- [INPUT RECORDS]
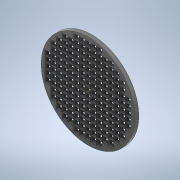
# Autodesk Inventor part: FRAME
Saved by Autodesk Inventor 2022 (Build 260153000, 153)
## iProperties
Created: 2022-02-07
Part Number: FRAME
Material: Copper
Document SubType Name: Modeling
Designer: joshw
Density: 8.94 g/cm^3
Appearance: Diamond plate - Dark Gray
Author: joshw
Autodesk Inventor part; units mm, degrees
ref_plane "YZ Plane" through (0, 0, 0) normal (1, 0, 0) x (0, 1, 0)
ref_plane "XZ Plane" through (0, 0, 0) normal (0, 1, 0) x (-1, 0, 0)
ref_plane "XY Plane" through (0, 0, 0) normal (0, 0, 1) x (1, 0, 0)
sketch "Sketch5" plane through (0, 0, 0) normal (0, 0, 1) x (1, 0, 0)
  line L0 (115, 115) -> (115, -115) construction
  line L1 (115, -115) -> (-115, -115)
  line L2 (-115, -115) -> (-115, 115)
  line L3 (97.5, -97.5) -> (97.5, -111.5)
  line L4 (97.5, -111.5) -> (111.5, -111.5)
  line L5 (111.5, -111.5) -> (111.5, -97.5)
  line L6 (111.5, -97.5) -> (97.5, -97.5)
  line L7 (115, 115) -> (-115, 115)
  line L8 (97.5, -82.5) -> (97.5, -96.5)
  line L9 (97.5, -96.5) -> (111.5, -96.5)
  line L10 (111.5, -96.5) -> (111.5, -82.5)
  line L11 (111.5, -82.5) -> (97.5, -82.5)
  line L12 (97.5, -67.5) -> (97.5, -81.5)
  line L13 (97.5, -81.5) -> (111.5, -81.5)
  line L14 (111.5, -81.5) -> (111.5, -67.5)
  line L15 (111.5, -67.5) -> (97.5, -67.5)
  line L16 (97.5, -52.5) -> (97.5, -66.5)
  line L17 (97.5, -66.5) -> (111.5, -66.5)
  line L18 (111.5, -66.5) -> (111.5, -52.5)
  line L19 (111.5, -52.5) -> (97.5, -52.5)
  line L20 (97.5, -37.5) -> (97.5, -51.5)
  line L21 (97.5, -51.5) -> (111.5, -51.5)
  line L22 (111.5, -51.5) -> (111.5, -37.5)
  line L23 (111.5, -37.5) -> (97.5, -37.5)
  line L24 (97.5, -22.5) -> (97.5, -36.5)
  line L25 (97.5, -36.5) -> (111.5, -36.5)
  line L26 (111.5, -36.5) -> (111.5, -22.5)
  line L27 (111.5, -22.5) -> (97.5, -22.5)
  line L28 (97.5, -7.5) -> (97.5, -21.5)
  line L29 (97.5, -21.5) -> (111.5, -21.5)
  line L30 (111.5, -21.5) -> (111.5, -7.5)
  line L31 (111.5, -7.5) -> (97.5, -7.5)
  line L32 (97.5, 7.5) -> (97.5, -6.5)
  line L33 (97.5, -6.5) -> (111.5, -6.5)
  line L34 (111.5, -6.5) -> (111.5, 7.5)
  line L35 (111.5, 7.5) -> (97.5, 7.5)
  line L36 (97.5, 22.5) -> (97.5, 8.5)
  line L37 (97.5, 8.5) -> (111.5, 8.5)
  line L38 (111.5, 8.5) -> (111.5, 22.5)
  line L39 (111.5, 22.5) -> (97.5, 22.5)
  line L40 (97.5, 37.5) -> (97.5, 23.5)
  line L41 (97.5, 23.5) -> (111.5, 23.5)
  line L42 (111.5, 23.5) -> (111.5, 37.5)
  line L43 (111.5, 37.5) -> (97.5, 37.5)
  line L44 (97.5, 52.5) -> (97.5, 38.5)
  line L45 (97.5, 38.5) -> (111.5, 38.5)
  line L46 (111.5, 38.5) -> (111.5, 52.5)
  line L47 (111.5, 52.5) -> (97.5, 52.5)
  line L48 (97.5, 67.5) -> (97.5, 53.5)
  line L49 (97.5, 53.5) -> (111.5, 53.5)
  line L50 (111.5, 53.5) -> (111.5, 67.5)
  line L51 (111.5, 67.5) -> (97.5, 67.5)
  line L52 (97.5, 82.5) -> (97.5, 68.5)
  line L53 (97.5, 68.5) -> (111.5, 68.5)
  line L54 (111.5, 68.5) -> (111.5, 82.5)
  line L55 (111.5, 82.5) -> (97.5, 82.5)
  line L56 (97.5, 97.5) -> (97.5, 83.5)
  line L57 (97.5, 83.5) -> (111.5, 83.5)
  line L58 (111.5, 83.5) -> (111.5, 97.5)
  line L59 (111.5, 97.5) -> (97.5, 97.5)
  line L60 (97.5, 112.5) -> (97.5, 98.5)
  line L61 (97.5, 98.5) -> (111.5, 98.5)
  line L62 (111.5, 98.5) -> (111.5, 112.5)
  line L63 (111.5, 112.5) -> (97.5, 112.5)
  line L64 (82.5, -97.5) -> (82.5, -111.5)
  line L65 (82.5, -111.5) -> (96.5, -111.5)
  line L66 (96.5, -111.5) -> (96.5, -97.5)
  line L67 (96.5, -97.5) -> (82.5, -97.5)
  line L68 (82.5, -82.5) -> (82.5, -96.5)
  line L69 (82.5, -96.5) -> (96.5, -96.5)
  line L70 (96.5, -96.5) -> (96.5, -82.5)
  line L71 (96.5, -82.5) -> (82.5, -82.5)
  line L72 (82.5, -67.5) -> (82.5, -81.5)
  line L73 (82.5, -81.5) -> (96.5, -81.5)
  line L74 (96.5, -81.5) -> (96.5, -67.5)
  line L75 (96.5, -67.5) -> (82.5, -67.5)
  line L76 (82.5, -52.5) -> (82.5, -66.5)
  line L77 (82.5, -66.5) -> (96.5, -66.5)
  line L78 (96.5, -66.5) -> (96.5, -52.5)
  line L79 (96.5, -52.5) -> (82.5, -52.5)
  line L80 (82.5, -37.5) -> (82.5, -51.5)
  line L81 (82.5, -51.5) -> (96.5, -51.5)
  line L82 (96.5, -51.5) -> (96.5, -37.5)
  line L83 (96.5, -37.5) -> (82.5, -37.5)
  line L84 (82.5, -22.5) -> (82.5, -36.5)
  line L85 (82.5, -36.5) -> (96.5, -36.5)
  line L86 (96.5, -36.5) -> (96.5, -22.5)
  line L87 (96.5, -22.5) -> (82.5, -22.5)
  line L88 (82.5, -7.5) -> (82.5, -21.5)
  line L89 (82.5, -21.5) -> (96.5, -21.5)
  line L90 (96.5, -21.5) -> (96.5, -7.5)
  line L91 (96.5, -7.5) -> (82.5, -7.5)
  line L92 (82.5, 7.5) -> (82.5, -6.5)
  line L93 (82.5, -6.5) -> (96.5, -6.5)
  line L94 (96.5, -6.5) -> (96.5, 7.5)
  line L95 (96.5, 7.5) -> (82.5, 7.5)
  line L96 (82.5, 22.5) -> (82.5, 8.5)
  line L97 (82.5, 8.5) -> (96.5, 8.5)
  line L98 (96.5, 8.5) -> (96.5, 22.5)
  line L99 (96.5, 22.5) -> (82.5, 22.5)
  line L100 (82.5, 37.5) -> (82.5, 23.5)
  line L101 (82.5, 23.5) -> (96.5, 23.5)
  line L102 (96.5, 23.5) -> (96.5, 37.5)
  line L103 (96.5, 37.5) -> (82.5, 37.5)
  line L104 (82.5, 52.5) -> (82.5, 38.5)
  line L105 (82.5, 38.5) -> (96.5, 38.5)
  line L106 (96.5, 38.5) -> (96.5, 52.5)
  line L107 (96.5, 52.5) -> (82.5, 52.5)
  line L108 (82.5, 67.5) -> (82.5, 53.5)
  line L109 (82.5, 53.5) -> (96.5, 53.5)
  line L110 (96.5, 53.5) -> (96.5, 67.5)
  line L111 (96.5, 67.5) -> (82.5, 67.5)
  line L112 (82.5, 82.5) -> (82.5, 68.5)
  line L113 (82.5, 68.5) -> (96.5, 68.5)
  line L114 (96.5, 68.5) -> (96.5, 82.5)
  line L115 (96.5, 82.5) -> (82.5, 82.5)
  line L116 (82.5, 97.5) -> (82.5, 83.5)
  line L117 (82.5, 83.5) -> (96.5, 83.5)
  line L118 (96.5, 83.5) -> (96.5, 97.5)
  line L119 (96.5, 97.5) -> (82.5, 97.5)
  line L120 (82.5, 112.5) -> (82.5, 98.5)
  line L121 (82.5, 98.5) -> (96.5, 98.5)
  line L122 (96.5, 98.5) -> (96.5, 112.5)
  line L123 (96.5, 112.5) -> (82.5, 112.5)
  line L124 (67.5, -97.5) -> (67.5, -111.5)
  line L125 (67.5, -111.5) -> (81.5, -111.5)
  line L126 (81.5, -111.5) -> (81.5, -97.5)
  line L127 (81.5, -97.5) -> (67.5, -97.5)
  line L128 (67.5, -82.5) -> (67.5, -96.5)
  line L129 (67.5, -96.5) -> (81.5, -96.5)
  line L130 (81.5, -96.5) -> (81.5, -82.5)
  line L131 (81.5, -82.5) -> (67.5, -82.5)
  line L132 (67.5, -67.5) -> (67.5, -81.5)
  line L133 (67.5, -81.5) -> (81.5, -81.5)
  line L134 (81.5, -81.5) -> (81.5, -67.5)
  line L135 (81.5, -67.5) -> (67.5, -67.5)
  line L136 (67.5, -52.5) -> (67.5, -66.5)
  line L137 (67.5, -66.5) -> (81.5, -66.5)
  line L138 (81.5, -66.5) -> (81.5, -52.5)
  line L139 (81.5, -52.5) -> (67.5, -52.5)
  line L140 (67.5, -37.5) -> (67.5, -51.5)
  line L141 (67.5, -51.5) -> (81.5, -51.5)
  line L142 (81.5, -51.5) -> (81.5, -37.5)
  line L143 (81.5, -37.5) -> (67.5, -37.5)
  line L144 (67.5, -22.5) -> (67.5, -36.5)
  line L145 (67.5, -36.5) -> (81.5, -36.5)
  line L146 (81.5, -36.5) -> (81.5, -22.5)
  line L147 (81.5, -22.5) -> (67.5, -22.5)
  line L148 (67.5, -7.5) -> (67.5, -21.5)
  line L149 (67.5, -21.5) -> (81.5, -21.5)
  line L150 (81.5, -21.5) -> (81.5, -7.5)
  line L151 (81.5, -7.5) -> (67.5, -7.5)
  line L152 (67.5, 7.5) -> (67.5, -6.5)
  line L153 (67.5, -6.5) -> (81.5, -6.5)
  line L154 (81.5, -6.5) -> (81.5, 7.5)
  line L155 (81.5, 7.5) -> (67.5, 7.5)
  line L156 (67.5, 22.5) -> (67.5, 8.5)
  line L157 (67.5, 8.5) -> (81.5, 8.5)
  line L158 (81.5, 8.5) -> (81.5, 22.5)
  line L159 (81.5, 22.5) -> (67.5, 22.5)
  line L160 (67.5, 37.5) -> (67.5, 23.5)
  line L161 (67.5, 23.5) -> (81.5, 23.5)
  line L162 (81.5, 23.5) -> (81.5, 37.5)
  line L163 (81.5, 37.5) -> (67.5, 37.5)
  line L164 (67.5, 52.5) -> (67.5, 38.5)
  line L165 (67.5, 38.5) -> (81.5, 38.5)
  line L166 (81.5, 38.5) -> (81.5, 52.5)
  line L167 (81.5, 52.5) -> (67.5, 52.5)
  line L168 (67.5, 67.5) -> (67.5, 53.5)
  line L169 (67.5, 53.5) -> (81.5, 53.5)
  line L170 (81.5, 53.5) -> (81.5, 67.5)
  line L171 (81.5, 67.5) -> (67.5, 67.5)
  line L172 (67.5, 82.5) -> (67.5, 68.5)
  line L173 (67.5, 68.5) -> (81.5, 68.5)
  line L174 (81.5, 68.5) -> (81.5, 82.5)
  line L175 (81.5, 82.5) -> (67.5, 82.5)
  line L176 (67.5, 97.5) -> (67.5, 83.5)
  line L177 (67.5, 83.5) -> (81.5, 83.5)
  line L178 (81.5, 83.5) -> (81.5, 97.5)
  line L179 (81.5, 97.5) -> (67.5, 97.5)
  line L180 (67.5, 112.5) -> (67.5, 98.5)
  line L181 (67.5, 98.5) -> (81.5, 98.5)
  line L182 (81.5, 98.5) -> (81.5, 112.5)
  line L183 (81.5, 112.5) -> (67.5, 112.5)
  line L184 (52.5, -97.5) -> (52.5, -111.5)
  line L185 (52.5, -111.5) -> (66.5, -111.5)
  line L186 (66.5, -111.5) -> (66.5, -97.5)
  line L187 (66.5, -97.5) -> (52.5, -97.5)
  line L188 (52.5, -82.5) -> (52.5, -96.5)
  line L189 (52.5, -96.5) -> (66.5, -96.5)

- [REQUIRED WORK]
From the entries above, return exactly the line containing "Designer: joshw", the line containing "line L0 (115, 115)", and all lines between, and nothing else.

- [OUTPUT]
Designer: joshw
Density: 8.94 g/cm^3
Appearance: Diamond plate - Dark Gray
Author: joshw
Autodesk Inventor part; units mm, degrees
ref_plane "YZ Plane" through (0, 0, 0) normal (1, 0, 0) x (0, 1, 0)
ref_plane "XZ Plane" through (0, 0, 0) normal (0, 1, 0) x (-1, 0, 0)
ref_plane "XY Plane" through (0, 0, 0) normal (0, 0, 1) x (1, 0, 0)
sketch "Sketch5" plane through (0, 0, 0) normal (0, 0, 1) x (1, 0, 0)
  line L0 (115, 115) -> (115, -115) construction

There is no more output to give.